And when I run the script below (the only difference being that the process is now chrome.exe), I get the same neat result in Chrome. Three tabs in the same window.
… the URLs open up in three separate windows in Internet Explorer.
I know it’s almost a moot point, since Internet Explorer is about to retire, but please indulge me. Is there a way to fix this script so that I can get the same results in Internet Explorer as I do in Edge or Chrome? Or do we just chalk it up to Explorer not being controllable that way?
Before today I had no idea what a ComObject was, I had no idea what the navigate2 method was, and I had no idea what a flag was.

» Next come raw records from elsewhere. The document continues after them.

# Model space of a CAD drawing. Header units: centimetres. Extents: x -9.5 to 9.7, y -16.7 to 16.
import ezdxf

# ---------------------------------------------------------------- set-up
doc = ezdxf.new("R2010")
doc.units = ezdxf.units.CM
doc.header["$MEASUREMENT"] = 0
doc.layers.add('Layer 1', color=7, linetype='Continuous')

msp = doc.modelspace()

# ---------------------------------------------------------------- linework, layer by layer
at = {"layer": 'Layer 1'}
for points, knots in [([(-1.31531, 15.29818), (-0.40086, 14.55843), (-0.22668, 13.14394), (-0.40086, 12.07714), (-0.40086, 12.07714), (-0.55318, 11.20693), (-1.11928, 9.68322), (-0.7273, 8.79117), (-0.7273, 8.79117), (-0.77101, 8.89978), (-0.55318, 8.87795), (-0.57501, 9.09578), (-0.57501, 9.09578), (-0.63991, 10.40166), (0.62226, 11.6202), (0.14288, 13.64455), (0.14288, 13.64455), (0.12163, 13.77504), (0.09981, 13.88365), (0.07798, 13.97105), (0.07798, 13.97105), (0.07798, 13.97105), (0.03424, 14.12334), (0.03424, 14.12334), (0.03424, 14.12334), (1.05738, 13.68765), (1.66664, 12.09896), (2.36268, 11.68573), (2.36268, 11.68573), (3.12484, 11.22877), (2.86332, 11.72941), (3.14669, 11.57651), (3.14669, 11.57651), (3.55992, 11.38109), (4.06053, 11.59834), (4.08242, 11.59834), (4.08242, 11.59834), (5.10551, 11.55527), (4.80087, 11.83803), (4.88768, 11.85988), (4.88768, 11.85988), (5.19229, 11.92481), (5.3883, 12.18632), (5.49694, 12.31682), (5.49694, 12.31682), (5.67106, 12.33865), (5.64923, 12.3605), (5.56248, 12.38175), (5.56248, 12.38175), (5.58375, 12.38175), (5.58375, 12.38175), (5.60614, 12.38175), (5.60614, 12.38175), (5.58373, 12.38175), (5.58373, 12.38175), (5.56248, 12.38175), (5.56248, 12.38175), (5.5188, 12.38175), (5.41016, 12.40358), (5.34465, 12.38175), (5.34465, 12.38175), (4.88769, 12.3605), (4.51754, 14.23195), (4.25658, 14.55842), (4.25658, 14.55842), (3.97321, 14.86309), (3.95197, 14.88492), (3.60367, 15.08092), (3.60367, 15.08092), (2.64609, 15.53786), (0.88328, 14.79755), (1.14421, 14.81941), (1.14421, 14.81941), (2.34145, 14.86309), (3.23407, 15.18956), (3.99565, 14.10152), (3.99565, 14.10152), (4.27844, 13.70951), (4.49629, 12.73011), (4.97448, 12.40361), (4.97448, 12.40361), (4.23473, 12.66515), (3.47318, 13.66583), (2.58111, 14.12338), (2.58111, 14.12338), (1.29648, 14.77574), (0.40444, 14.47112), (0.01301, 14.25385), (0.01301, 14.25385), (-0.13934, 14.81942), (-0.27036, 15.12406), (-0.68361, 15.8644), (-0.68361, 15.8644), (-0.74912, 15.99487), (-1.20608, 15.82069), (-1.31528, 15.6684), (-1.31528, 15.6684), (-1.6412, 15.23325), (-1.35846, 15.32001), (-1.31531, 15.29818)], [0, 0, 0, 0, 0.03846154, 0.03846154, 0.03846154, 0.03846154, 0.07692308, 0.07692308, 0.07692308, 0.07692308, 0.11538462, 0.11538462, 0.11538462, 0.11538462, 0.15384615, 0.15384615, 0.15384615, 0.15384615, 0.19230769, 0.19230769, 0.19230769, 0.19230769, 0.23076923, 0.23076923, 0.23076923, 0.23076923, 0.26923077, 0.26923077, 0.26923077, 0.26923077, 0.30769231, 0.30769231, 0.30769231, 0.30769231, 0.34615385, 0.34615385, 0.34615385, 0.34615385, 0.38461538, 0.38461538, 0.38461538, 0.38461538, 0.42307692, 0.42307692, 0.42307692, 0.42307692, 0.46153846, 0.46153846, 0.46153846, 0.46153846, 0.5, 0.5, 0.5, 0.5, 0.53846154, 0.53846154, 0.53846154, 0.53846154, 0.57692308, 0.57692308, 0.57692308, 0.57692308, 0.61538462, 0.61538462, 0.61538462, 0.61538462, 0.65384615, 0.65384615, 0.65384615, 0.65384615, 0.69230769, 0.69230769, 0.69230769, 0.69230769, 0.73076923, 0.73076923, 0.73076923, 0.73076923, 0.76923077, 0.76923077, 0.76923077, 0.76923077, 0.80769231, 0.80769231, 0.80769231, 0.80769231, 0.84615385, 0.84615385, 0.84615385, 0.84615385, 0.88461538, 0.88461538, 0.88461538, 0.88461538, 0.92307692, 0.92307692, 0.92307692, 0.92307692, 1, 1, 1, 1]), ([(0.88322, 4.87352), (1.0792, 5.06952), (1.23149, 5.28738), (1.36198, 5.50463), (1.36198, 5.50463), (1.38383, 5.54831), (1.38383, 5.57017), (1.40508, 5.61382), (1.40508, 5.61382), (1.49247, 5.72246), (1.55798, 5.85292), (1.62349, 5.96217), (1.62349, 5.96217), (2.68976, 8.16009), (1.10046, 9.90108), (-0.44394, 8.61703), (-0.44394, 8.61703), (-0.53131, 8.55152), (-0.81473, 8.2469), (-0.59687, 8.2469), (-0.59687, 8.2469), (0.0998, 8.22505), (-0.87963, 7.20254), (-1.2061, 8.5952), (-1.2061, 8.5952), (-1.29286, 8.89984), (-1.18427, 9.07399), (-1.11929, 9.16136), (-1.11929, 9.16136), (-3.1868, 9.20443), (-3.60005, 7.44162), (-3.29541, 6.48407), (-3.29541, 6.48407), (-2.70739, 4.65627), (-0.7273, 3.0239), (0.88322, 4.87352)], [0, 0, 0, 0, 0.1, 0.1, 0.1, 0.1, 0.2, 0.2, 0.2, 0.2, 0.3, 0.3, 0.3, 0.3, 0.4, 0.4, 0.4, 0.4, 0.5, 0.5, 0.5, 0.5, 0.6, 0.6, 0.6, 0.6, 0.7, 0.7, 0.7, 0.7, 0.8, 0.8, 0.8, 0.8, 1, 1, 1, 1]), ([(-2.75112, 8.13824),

The thing that I still find irritating is that I can’t find any documentation on what the flag values actually mean, or the logic from which they are derived. I just had to take for granted that 0x0800 is the value that will make the URL open in a new tab. But, I mean, why? Like, why is the x sitting right there between those two 0s, for example?
Anyway, thank you for steering me in the right direction (even if in a couple of weeks this solution will be purely academic).
Hey hey … cool. And thanks for sharing your solution.
Since creating a good, complete and comprehensive documentation is a lot of work on the one side and no glory in it on the other it’s very often neglegted.
Of course I do not know the meaning of the flag but an “x” at this position of a number means that it is a hex number. So in decimal format it would be 2048.
Oh my goodness, thank you! I kept seeing those two numbers in reference to the same method parameter and spent much too long wondering if one was for an older version of Internet Explorer or… or something. Good to know!